AIMay 25, 2016

Small Representations of Big Kidney Exchange Graphs

arXiv:1605.07728v2
Originality Incremental advance
AI Analysis

This addresses scalability issues in kidney exchange matching for patients and donors, offering a potential solution to improve efficiency in large-scale exchanges, though it is incremental as it builds on existing graph encoding methods.

The paper tackles the NP-complete problem of optimally matching patients to donors in large kidney exchanges by showing that if compatibility graphs can be encoded with a constant number of attributes, the clearing problem becomes solvable in polynomial time, and experiments with real UNOS data confirm that small numbers of attributes suffice.

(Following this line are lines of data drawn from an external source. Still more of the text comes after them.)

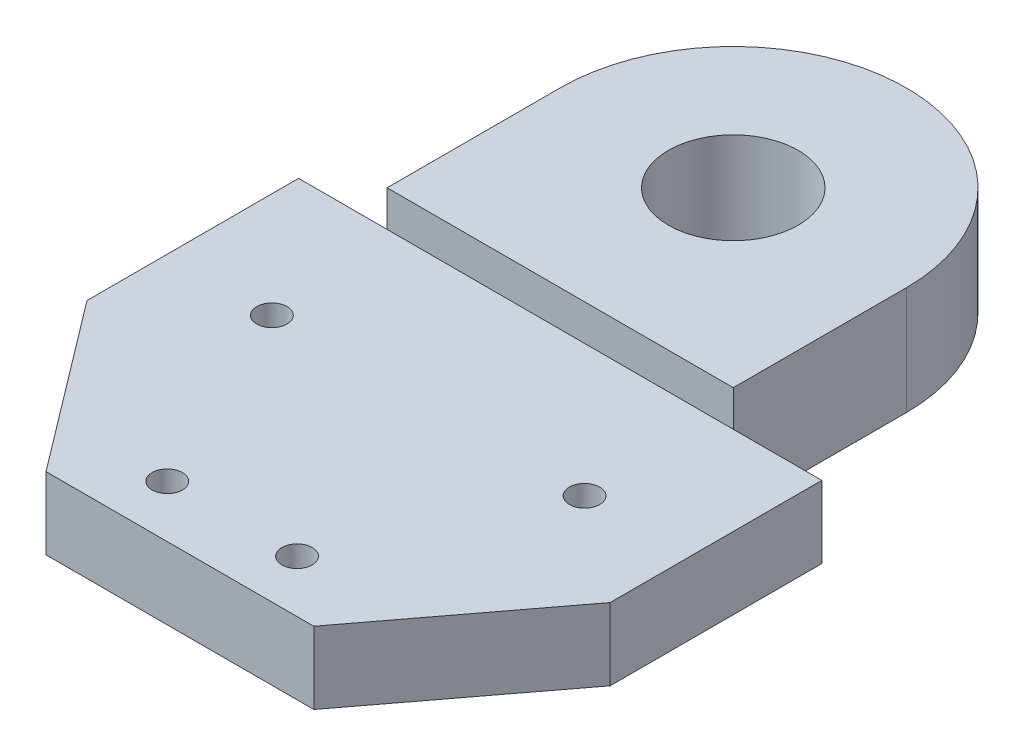
from build123d import *

# Parameters (mm, degrees)
SKETCH1_R           = 1.75
BOSS_EXTRUDE1_DEPTH = 8.333333333
SKETCH2_R           = 7.5
BOSS_EXTRUDE2_DEPTH = 12.5


with BuildPart() as part:
    # Sketch1 → Boss-Extrude1 (new body)
    with BuildSketch(Plane(origin=(0, 0, 0), x_dir=(1, 0, 0), z_dir=(0, 1, 0))):
        Polygon((-30.225021847, 13.45402847), (-15.473485445, -6.035190955), (15.473485445, -6.035190955), (30.225021847, 13.45402847), (30.225021847, 37.907694676), (18.065456544, 37.907694676), (-18.065456544, 37.907694676), (-30.225021847, 37.907694676), align=None)
        with Locations((-18.065456544, 22.657694676)):
            Circle(SKETCH1_R, mode=Mode.SUBTRACT)
        with Locations((18.065456544, 22.657694676)):
            Circle(SKETCH1_R, mode=Mode.SUBTRACT)
        with Locations((7.5, 0)):
            Circle(SKETCH1_R, mode=Mode.SUBTRACT)
        with Locations((-7.5, 0)):
            Circle(SKETCH1_R, mode=Mode.SUBTRACT)
    extrude(amount=BOSS_EXTRUDE1_DEPTH)

    # Sketch2 → Boss-Extrude2 (add)
    with BuildSketch(Plane(origin=(0, 0, 0), x_dir=(1, 0, 0), z_dir=(0, 1, 0))):
        with BuildLine():
            Line((-20, 57.907694676), (-20, 37.907694676))
            Line((-20, 37.907694676), (20, 37.907694676))
            Line((20, 37.907694676), (20, 57.907694676))
            ThreePointArc((20, 57.907694676), (0, 77.907694676), (-20, 57.907694676))
        make_face()
        with Locations((0, 57.907694676)):
            Circle(SKETCH2_R, mode=Mode.SUBTRACT)
    extrude(amount=BOSS_EXTRUDE2_DEPTH)


solid = part.part

Kidney exchanges are organized markets where patients swap willing but incompatible donors. In the last decade, kidney exchanges grew from small and regional to large and national---and soon, international. This growth results in more lives saved, but exacerbates the empirical hardness of the $\mathcal{NP}$-complete problem of optimally matching patients to donors. State-of-the-art matching engines use integer programming techniques to clear fielded kidney exchanges, but these methods must be tailored to specific models and objective functions, and may fail to scale to larger exchanges. In this paper, we observe that if the kidney exchange compatibility graph can be encoded by a constant number of patient and donor attributes, the clearing problem is solvable in polynomial time. We give necessary and sufficient conditions for losslessly shrinking the representation of an arbitrary compatibility graph. Then, using real compatibility graphs from the UNOS nationwide kidney exchange, we show how many attributes are needed to encode real compatibility graphs. The experiments show that, indeed, small numbers of attributes suffice.